PostgreSQL – Performance of Rare SELECT vs Frequent INSERT in Timeseries Data

index-tuningpartitioningperformancepostgresqlpostgresql-performance

I have a simple timeseries table

movement_history (
    data_id serial,
    item_id character varying (8),
    event_time timestamp without timezone,
    location_id character varying (7),
    area_id character varying (2)
);

My frontend developer is telling me that the cost is too high if he wants to know where an item is at a given timestamp because he has to sort the table. He wants me to add another timestamp field for the next event so he doesn't have to sort. Yet that is going to more than double the cost of my code to insert a new movement as I will need to query for the previous entry for the item, update that and then insert the new data.

My inserts of course far outnumber his queries in frequency. And I have never seen a timeseries table which included an entry for the time of the next event. He's telling me my table is broken because his infrequent query requires a sort. Any suggestions?

I don't know what query he is using but I would be doing this:

select * from movement_history 
where event_time <= '1-15-2015'::timestamp  
and item_id = 'H665AYG3' 
order by event_time desc limit 1;

We currently have about 15K items they are at most entered into the database once a day.

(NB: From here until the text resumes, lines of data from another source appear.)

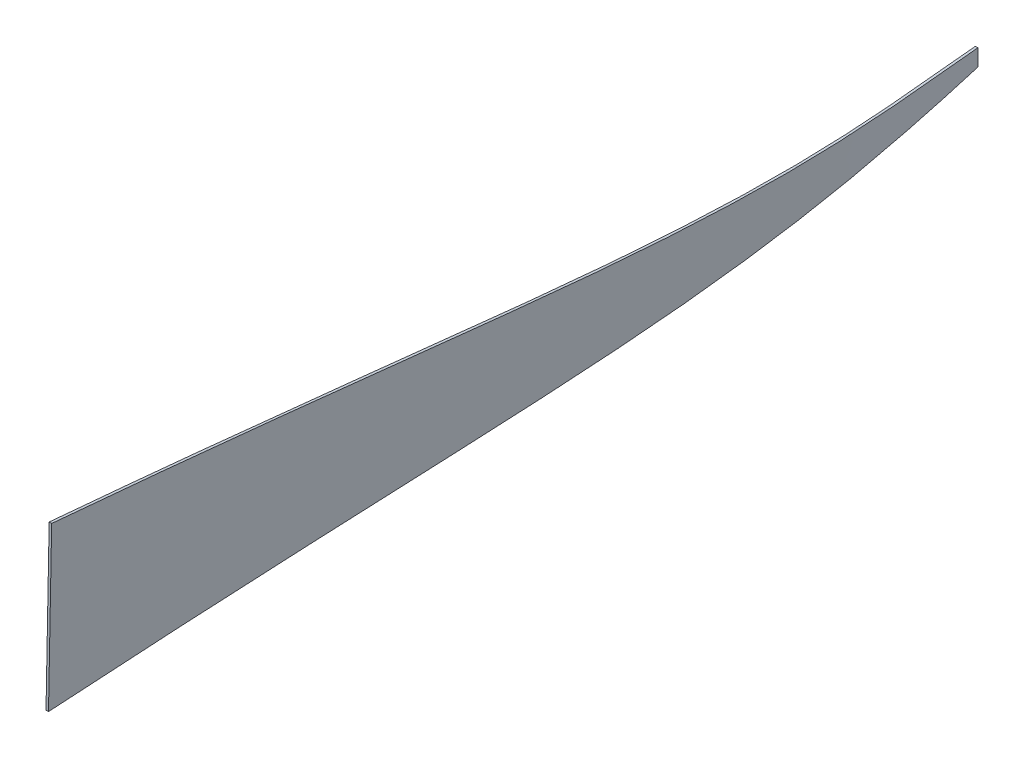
ISO-10303-21;
HEADER;
FILE_DESCRIPTION(('STEP AP214'),'2;1');
FILE_NAME('part.step','',(''),(''),'','','');
FILE_SCHEMA(('AUTOMOTIVE_DESIGN { 1 0 10303 214 1 1 1 1 }'));
ENDSEC;
DATA;
#1=APPLICATION_CONTEXT('core data for automotive mechanical design processes');
#2=APPLICATION_PROTOCOL_DEFINITION('international standard','automotive_design',2000,#1);
#3=PRODUCT_CONTEXT('',#1,'mechanical');
#4=PRODUCT('Part','Part','',(#3));
#5=PRODUCT_RELATED_PRODUCT_CATEGORY('part','',(#4));
#6=PRODUCT_DEFINITION_FORMATION('','',#4);
#7=PRODUCT_DEFINITION_CONTEXT('part definition',#1,'design');
#8=PRODUCT_DEFINITION('design','',#6,#7);
#9=PRODUCT_DEFINITION_SHAPE('','',#8);
#10=(LENGTH_UNIT() NAMED_UNIT(*) SI_UNIT(.MILLI.,.METRE.));
#11=(NAMED_UNIT(*) PLANE_ANGLE_UNIT() SI_UNIT($,.RADIAN.));
#12=(NAMED_UNIT(*) SI_UNIT($,.STERADIAN.) SOLID_ANGLE_UNIT());
#13=UNCERTAINTY_MEASURE_WITH_UNIT(LENGTH_MEASURE(1.E-05),#10,'distance_accuracy_value','');
#14=(GEOMETRIC_REPRESENTATION_CONTEXT(3) GLOBAL_UNCERTAINTY_ASSIGNED_CONTEXT((#13)) GLOBAL_UNIT_ASSIGNED_CONTEXT((#10,
#11,#12)) REPRESENTATION_CONTEXT('',''));
#15=CARTESIAN_POINT('',(0.,0.,0.));
#16=DIRECTION('',(0.,0.,1.));
#17=DIRECTION('',(1.,0.,0.));
#18=AXIS2_PLACEMENT_3D('',#15,#16,#17);
#19=CARTESIAN_POINT('',(76.7293236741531,18.2593360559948,-413.034724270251));
#20=CARTESIAN_POINT('',(77.1879954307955,17.6541807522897,-409.03673791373));
#21=CARTESIAN_POINT('',(77.6301911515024,17.0634474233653,-405.037190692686));
#22=CARTESIAN_POINT('',(78.4768181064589,15.9197203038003,-397.034417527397));
#23=CARTESIAN_POINT('',(78.8812297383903,15.3665096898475,-393.031223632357));
#24=CARTESIAN_POINT('',(79.6472051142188,14.3019232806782,-385.021383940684));
#25=CARTESIAN_POINT('',(80.0087678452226,13.7905062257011,-381.014745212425));
#26=CARTESIAN_POINT('',(80.515186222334,13.0572565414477,-375.002481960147));
#27=CARTESIAN_POINT('',(80.6780047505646,12.8184810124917,-372.998010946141));
#28=CARTESIAN_POINT('',(80.9910351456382,12.3525963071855,-368.988356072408));
#29=CARTESIAN_POINT('',(81.141322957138,12.1253852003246,-366.982396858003));
#30=CARTESIAN_POINT('',(81.8589089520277,11.0204310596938,-356.95867796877));
#31=CARTESIAN_POINT('',(82.327611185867,10.2315612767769,-348.92620513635));
#32=CARTESIAN_POINT('',(83.0717037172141,8.83983874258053,-332.892194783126));
#33=CARTESIAN_POINT('',(83.3478727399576,8.23572004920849,-324.875787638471));
#34=CARTESIAN_POINT('',(83.7638399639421,7.16413239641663,-308.85098650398));
#35=CARTESIAN_POINT('',(83.9036379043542,6.69665622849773,-300.842593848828));
#36=CARTESIAN_POINT('',(84.1022074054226,5.8512846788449,-284.840676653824));
#37=CARTESIAN_POINT('',(84.1610279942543,5.47317253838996,-276.842353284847));
#38=CARTESIAN_POINT('',(84.2392183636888,4.75322058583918,-260.850359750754));
#39=CARTESIAN_POINT('',(84.2586140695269,4.41136727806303,-252.856362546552));
#40=CARTESIAN_POINT('',(84.272964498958,3.90067382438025,-240.865985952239));
#41=CARTESIAN_POINT('',(84.2752907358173,3.73079038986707,-236.869297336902));
#42=CARTESIAN_POINT('',(84.2769446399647,3.47334932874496,-230.874123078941));
#43=CARTESIAN_POINT('',(84.2771900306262,3.38709965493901,-228.8757081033));
#44=CARTESIAN_POINT('',(84.2773305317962,3.25667896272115,-225.878013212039));
#45=CARTESIAN_POINT('',(84.2773394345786,3.21303103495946,-224.878769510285));
#46=CARTESIAN_POINT('',(84.2773248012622,3.14724857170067,-223.37988121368));
#47=CARTESIAN_POINT('',(84.2773152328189,3.12522775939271,-222.879310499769));
#48=CARTESIAN_POINT('',(84.2772917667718,3.08136442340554,-221.884701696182));
#49=CARTESIAN_POINT('',(84.2772778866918,3.05954982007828,-221.391293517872));
#50=CARTESIAN_POINT('',(84.2772627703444,3.0354607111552,-220.847927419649));
#51=CARTESIAN_POINT('',(84.2772620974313,3.03438733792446,-220.823720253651));
#52=CARTESIAN_POINT('',(84.2772604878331,3.03181676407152,-220.765754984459));
#53=CARTESIAN_POINT('',(84.2772596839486,3.030531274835,-220.736772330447));
#54=CARTESIAN_POINT('',(84.2772572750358,3.02667419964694,-220.64982431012));
#55=CARTESIAN_POINT('',(84.2772556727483,3.02410200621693,-220.59185888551));
#56=CARTESIAN_POINT('',(84.2772508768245,3.01638299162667,-220.417962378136));
#57=CARTESIAN_POINT('',(84.2772476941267,3.01123373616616,-220.302031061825));
#58=CARTESIAN_POINT('',(84.2772381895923,2.99577619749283,-219.954236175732));
#59=CARTESIAN_POINT('',(84.2772319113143,2.98545814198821,-219.722371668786));
#60=CARTESIAN_POINT('',(84.2772132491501,2.95446460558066,-219.026774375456));
#61=CARTESIAN_POINT('',(84.2772010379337,2.93374975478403,-218.563037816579));
#62=CARTESIAN_POINT('',(84.2771650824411,2.87144547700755,-217.171812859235));
#63=CARTESIAN_POINT('',(84.2771420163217,2.82969632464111,-216.244309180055));
#64=CARTESIAN_POINT('',(84.2770754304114,2.70379199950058,-213.461735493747));
#65=CARTESIAN_POINT('',(84.2770345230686,2.61897995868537,-211.606602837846));
#66=CARTESIAN_POINT('',(84.276921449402,2.36177263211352,-206.040942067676));
#67=CARTESIAN_POINT('',(84.2768589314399,2.18660614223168,-202.330151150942));
#68=CARTESIAN_POINT('',(84.2767035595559,1.64887200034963,-191.196629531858));
#69=CARTESIAN_POINT('',(84.2766428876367,1.27406967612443,-183.772749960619));
#70=CARTESIAN_POINT('',(84.2765383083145,0.0915251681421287,-161.495734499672));
#71=CARTESIAN_POINT('',(84.2765718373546,-0.774354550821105,-146.63722186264));
#72=CARTESIAN_POINT('',(84.2765718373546,-1.74228124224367,-131.769456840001));
#73=CARTESIAN_POINT('',(75.9975238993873,18.2593360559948,-412.950768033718));
#74=CARTESIAN_POINT('',(76.4558758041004,17.6489505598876,-408.955569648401));
#75=CARTESIAN_POINT('',(76.8978501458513,17.0570643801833,-404.958317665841));
#76=CARTESIAN_POINT('',(77.7439969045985,15.9128657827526,-396.960180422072));
#77=CARTESIAN_POINT('',(78.1481693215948,15.3605533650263,-392.959295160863));
#78=CARTESIAN_POINT('',(78.9136654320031,14.2980774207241,-384.954365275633));
#79=CARTESIAN_POINT('',(79.274989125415,13.7879138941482,-380.950320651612));
#80=CARTESIAN_POINT('',(79.7810530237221,13.0562116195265,-374.94223963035));
#81=CARTESIAN_POINT('',(79.9437540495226,12.8179013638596,-372.939210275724));
#82=CARTESIAN_POINT('',(80.2565513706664,12.352783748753,-368.932539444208));
#83=CARTESIAN_POINT('',(80.4067231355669,12.1258733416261,-366.928128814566));
#84=CARTESIAN_POINT('',(81.1237383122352,11.0219137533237,-356.912385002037));
#85=CARTESIAN_POINT('',(81.592078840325,10.2323683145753,-348.886132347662));
#86=CARTESIAN_POINT('',(82.335624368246,8.84006224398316,-332.863884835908));
#87=CARTESIAN_POINT('',(82.6116293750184,8.23588951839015,-324.85249294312));
#88=CARTESIAN_POINT('',(83.0273799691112,7.16427145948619,-308.836032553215));
#89=CARTESIAN_POINT('',(83.1671255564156,6.69682612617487,-300.830964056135));
#90=CARTESIAN_POINT('',(83.3656334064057,5.85142962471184,-284.834010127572));
#91=CARTESIAN_POINT('',(83.4244427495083,5.47326637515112,-276.83753678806));
#92=CARTESIAN_POINT('',(83.5026212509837,4.75325535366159,-260.847967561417));
#93=CARTESIAN_POINT('',(83.5220153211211,4.41138549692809,-252.854876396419));
#94=CARTESIAN_POINT('',(83.5363646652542,3.90067812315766,-240.865406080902));
#95=CARTESIAN_POINT('',(83.538690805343,3.73079191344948,-236.868943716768));
#96=CARTESIAN_POINT('',(83.5403446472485,3.47334874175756,-230.873995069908));
#97=CARTESIAN_POINT('',(83.5405900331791,3.38709870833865,-228.875636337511));
#98=CARTESIAN_POINT('',(83.5407305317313,3.25667791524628,-225.877997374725));
#99=CARTESIAN_POINT('',(83.5407394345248,3.21303002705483,-224.878767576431));
#100=CARTESIAN_POINT('',(83.5407248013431,3.14724772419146,-223.379893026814));
#101=CARTESIAN_POINT('',(83.5407152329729,3.12522698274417,-222.879325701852));
#102=CARTESIAN_POINT('',(83.5406917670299,3.08136381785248,-221.884721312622));
#103=CARTESIAN_POINT('',(83.5406778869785,3.05954931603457,-221.391314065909));
#104=CARTESIAN_POINT('',(83.5406627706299,3.03546032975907,-220.847947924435));
#105=CARTESIAN_POINT('',(83.5406620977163,3.0343869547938,-220.823740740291));
#106=CARTESIAN_POINT('',(83.5406604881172,3.03181638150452,-220.765775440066));
#107=CARTESIAN_POINT('',(83.5406596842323,3.03053089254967,-220.736792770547));
#108=CARTESIAN_POINT('',(83.5406572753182,3.02667381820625,-220.649844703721));
#109=CARTESIAN_POINT('',(83.5406556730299,3.02410162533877,-220.591879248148));
#110=CARTESIAN_POINT('',(83.5406508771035,3.01638261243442,-220.417982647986));
#111=CARTESIAN_POINT('',(83.540647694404,3.01123335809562,-220.302051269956));
#112=CARTESIAN_POINT('',(83.5406381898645,2.9957758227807,-219.954256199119));
#113=CARTESIAN_POINT('',(83.5406319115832,2.98545776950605,-219.722391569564));
#114=CARTESIAN_POINT('',(83.5406132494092,2.95446423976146,-219.026793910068));
#115=CARTESIAN_POINT('',(83.5406010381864,2.93374939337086,-218.563057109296));
#116=CARTESIAN_POINT('',(83.5405650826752,2.87144512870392,-217.171831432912));
#117=CARTESIAN_POINT('',(83.540542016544,2.82969598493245,-216.244327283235));
#118=CARTESIAN_POINT('',(83.5404754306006,2.70379168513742,-213.461752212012));
#119=CARTESIAN_POINT('',(83.5404345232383,2.61897966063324,-211.606618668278));
#120=CARTESIAN_POINT('',(83.5403214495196,2.36177238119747,-206.040955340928));
#121=CARTESIAN_POINT('',(83.5402589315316,2.18660592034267,-202.330162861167));
#122=CARTESIAN_POINT('',(83.540103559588,1.64887185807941,-191.196636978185));
#123=CARTESIAN_POINT('',(83.5400428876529,1.27406957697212,-183.77275513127));
#124=CARTESIAN_POINT('',(83.5399383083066,0.091525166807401,-161.495734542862));
#125=CARTESIAN_POINT('',(83.5399718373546,-0.774354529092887,-146.637220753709));
#126=CARTESIAN_POINT('',(83.5399718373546,-1.74228124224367,-131.769456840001));
#127=B_SPLINE_SURFACE_WITH_KNOTS('',1,3,((#19,#20,#21,#22,#23,#24,#25,#26,#27,#28,#29,#30,#31,
#32,#33,#34,#35,#36,#37,#38,#39,#40,#41,#42,#43,#44,#45,#46,#47,#48,#49,#50,#51,#52,#53,#54,#55,
#56,#57,#58,#59,#60,#61,#62,#63,#64,#65,#66,#67,#68,#69,#70,#71,#72),(#73,#74,#75,#76,#77,#78,
#79,#80,#81,#82,#83,#84,#85,#86,#87,#88,#89,#90,#91,#92,#93,#94,#95,#96,#97,#98,#99,#100,#101,
#102,#103,#104,#105,#106,#107,#108,#109,#110,#111,#112,#113,#114,#115,#116,#117,#118,#119,#120,
#121,#122,#123,#124,#125,#126)),.UNSPECIFIED.,.F.,.F.,.F.,(2,2),(4,2,2,2,2,2,2,2,2,2,2,2,2,2,2,
2,2,2,2,2,2,2,2,2,2,2,4),(0.,1.),(0.,0.03125,0.0625,0.09375,0.109375,0.125,0.1875,0.25,0.3125,
0.375,0.4375,0.46875,0.484375,0.4921875,0.49609375,0.5,0.50048828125,0.5009765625,0.501953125,
0.50390625,0.5078125,0.515625,0.53125,0.5625,0.625,0.75,1.),.UNSPECIFIED.);
#128=CARTESIAN_POINT('',(84.2765718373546,-1.74228124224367,-131.769456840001));
#129=CARTESIAN_POINT('',(83.5399718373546,-1.74228124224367,-131.769456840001));
#130=B_SPLINE_CURVE_WITH_KNOTS('',1,(#128,#129),.UNSPECIFIED.,.F.,.F.,(2,2),(0.,1.),.UNSPECIFIED.);
#131=CARTESIAN_POINT('',(83.5399718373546,-1.74228124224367,-131.769456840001));
#132=VERTEX_POINT('',#131);
#133=CARTESIAN_POINT('',(84.2765718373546,-1.74228124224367,-131.769456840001));
#134=VERTEX_POINT('',#133);
#135=EDGE_CURVE('E15',#132,#134,#130,.F.);
#136=CARTESIAN_POINT('',(83.5399718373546,-1.74228124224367,-131.769456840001));
#137=CARTESIAN_POINT('',(83.5399718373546,-0.774354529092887,-146.637220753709));
#138=CARTESIAN_POINT('',(83.5399383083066,0.091525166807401,-161.495734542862));
#139=CARTESIAN_POINT('',(83.5400428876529,1.27406957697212,-183.77275513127));
#140=CARTESIAN_POINT('',(83.540103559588,1.64887185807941,-191.196636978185));
#141=CARTESIAN_POINT('',(83.5402589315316,2.18660592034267,-202.330162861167));
#142=CARTESIAN_POINT('',(83.5403214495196,2.36177238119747,-206.040955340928));
#143=CARTESIAN_POINT('',(83.5404345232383,2.61897966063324,-211.606618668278));
#144=CARTESIAN_POINT('',(83.5404754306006,2.70379168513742,-213.461752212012));
#145=CARTESIAN_POINT('',(83.540542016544,2.82969598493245,-216.244327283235));
#146=CARTESIAN_POINT('',(83.5405650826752,2.87144512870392,-217.171831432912));
#147=CARTESIAN_POINT('',(83.5406010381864,2.93374939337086,-218.563057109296));
#148=CARTESIAN_POINT('',(83.5406132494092,2.95446423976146,-219.026793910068));
#149=CARTESIAN_POINT('',(83.5406319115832,2.98545776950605,-219.722391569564));
#150=CARTESIAN_POINT('',(83.5406381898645,2.9957758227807,-219.954256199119));
#151=CARTESIAN_POINT('',(83.540647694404,3.01123335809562,-220.302051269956));
#152=CARTESIAN_POINT('',(83.5406508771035,3.01638261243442,-220.417982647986));
#153=CARTESIAN_POINT('',(83.5406556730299,3.02410162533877,-220.591879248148));
#154=CARTESIAN_POINT('',(83.5406572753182,3.02667381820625,-220.649844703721));
#155=CARTESIAN_POINT('',(83.5406596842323,3.03053089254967,-220.736792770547));
#156=CARTESIAN_POINT('',(83.5406604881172,3.03181638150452,-220.765775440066));
#157=CARTESIAN_POINT('',(83.5406620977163,3.0343869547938,-220.823740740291));
#158=CARTESIAN_POINT('',(83.5406627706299,3.03546032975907,-220.847947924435));
#159=CARTESIAN_POINT('',(83.5406778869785,3.05954931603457,-221.391314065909));
#160=CARTESIAN_POINT('',(83.5406917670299,3.08136381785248,-221.884721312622));
#161=CARTESIAN_POINT('',(83.5407152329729,3.12522698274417,-222.879325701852));
#162=CARTESIAN_POINT('',(83.5407248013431,3.14724772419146,-223.379893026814));
#163=CARTESIAN_POINT('',(83.5407394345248,3.21303002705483,-224.878767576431));
#164=CARTESIAN_POINT('',(83.5407305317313,3.25667791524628,-225.877997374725));
#165=CARTESIAN_POINT('',(83.5405900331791,3.38709870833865,-228.875636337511));
#166=CARTESIAN_POINT('',(83.5403446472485,3.47334874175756,-230.873995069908));
#167=CARTESIAN_POINT('',(83.538690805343,3.73079191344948,-236.868943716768));
#168=CARTESIAN_POINT('',(83.5363646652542,3.90067812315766,-240.865406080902));
#169=CARTESIAN_POINT('',(83.5220153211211,4.41138549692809,-252.854876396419));
#170=CARTESIAN_POINT('',(83.5026212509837,4.75325535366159,-260.847967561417));
#171=CARTESIAN_POINT('',(83.4244427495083,5.47326637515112,-276.83753678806));
#172=CARTESIAN_POINT('',(83.3656334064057,5.85142962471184,-284.834010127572));
#173=CARTESIAN_POINT('',(83.1671255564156,6.69682612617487,-300.830964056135));
#174=CARTESIAN_POINT('',(83.0273799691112,7.16427145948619,-308.836032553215));
#175=CARTESIAN_POINT('',(82.6116293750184,8.23588951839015,-324.85249294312));
#176=CARTESIAN_POINT('',(82.335624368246,8.84006224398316,-332.863884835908));
#177=CARTESIAN_POINT('',(81.592078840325,10.2323683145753,-348.886132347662));
#178=CARTESIAN_POINT('',(81.1237383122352,11.0219137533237,-356.912385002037));
#179=CARTESIAN_POINT('',(80.4067231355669,12.1258733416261,-366.928128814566));
#180=CARTESIAN_POINT('',(80.2565513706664,12.352783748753,-368.932539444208));
#181=CARTESIAN_POINT('',(79.9437540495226,12.8179013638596,-372.939210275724));
#182=CARTESIAN_POINT('',(79.7810530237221,13.0562116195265,-374.94223963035));
#183=CARTESIAN_POINT('',(79.274989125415,13.7879138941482,-380.950320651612));
#184=CARTESIAN_POINT('',(78.9136654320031,14.2980774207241,-384.954365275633));
#185=CARTESIAN_POINT('',(78.1481693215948,15.3605533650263,-392.959295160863));
#186=CARTESIAN_POINT('',(77.7439969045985,15.9128657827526,-396.960180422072));
#187=CARTESIAN_POINT('',(76.8978501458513,17.0570643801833,-404.958317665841));
#188=CARTESIAN_POINT('',(76.4558758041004,17.6489505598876,-408.955569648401));
#189=CARTESIAN_POINT('',(75.9975238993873,18.2593360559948,-412.950768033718));
#190=B_SPLINE_CURVE_WITH_KNOTS('',3,(#136,#137,#138,#139,#140,#141,#142,#143,#144,#145,#146,
#147,#148,#149,#150,#151,#152,#153,#154,#155,#156,#157,#158,#159,#160,#161,#162,#163,#164,#165,
#166,#167,#168,#169,#170,#171,#172,#173,#174,#175,#176,#177,#178,#179,#180,#181,#182,#183,#184,
#185,#186,#187,#188,#189),.UNSPECIFIED.,.F.,.F.,(4,2,2,2,2,2,2,2,2,2,2,2,2,2,2,2,2,2,2,2,2,2,2,
2,2,2,4),(0.,0.25,0.375,0.4375,0.46875,0.484375,0.4921875,0.49609375,0.498046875,0.4990234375,
0.49951171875,0.5,0.50390625,0.5078125,0.515625,0.53125,0.5625,0.625,0.6875,0.75,0.8125,0.875,
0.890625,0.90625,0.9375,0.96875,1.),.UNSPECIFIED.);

However we will soon have 50K of items with sensor data that is updated every 1 to 5 minutes.

I do not see his query being performed very often but another query to get the current status of the pallets will be.

select distinct on (item_id) * 
from movement_history 
order by item_id, event_time desc;

This server is currently running 9.3 but it could be running on 9.4 if it needs to.

Best Answer

Create an index on (item_id, event_time).

It will jump to the specified item_id, jump to the specified event_time for that item_id, and then move back one. No sorting involved.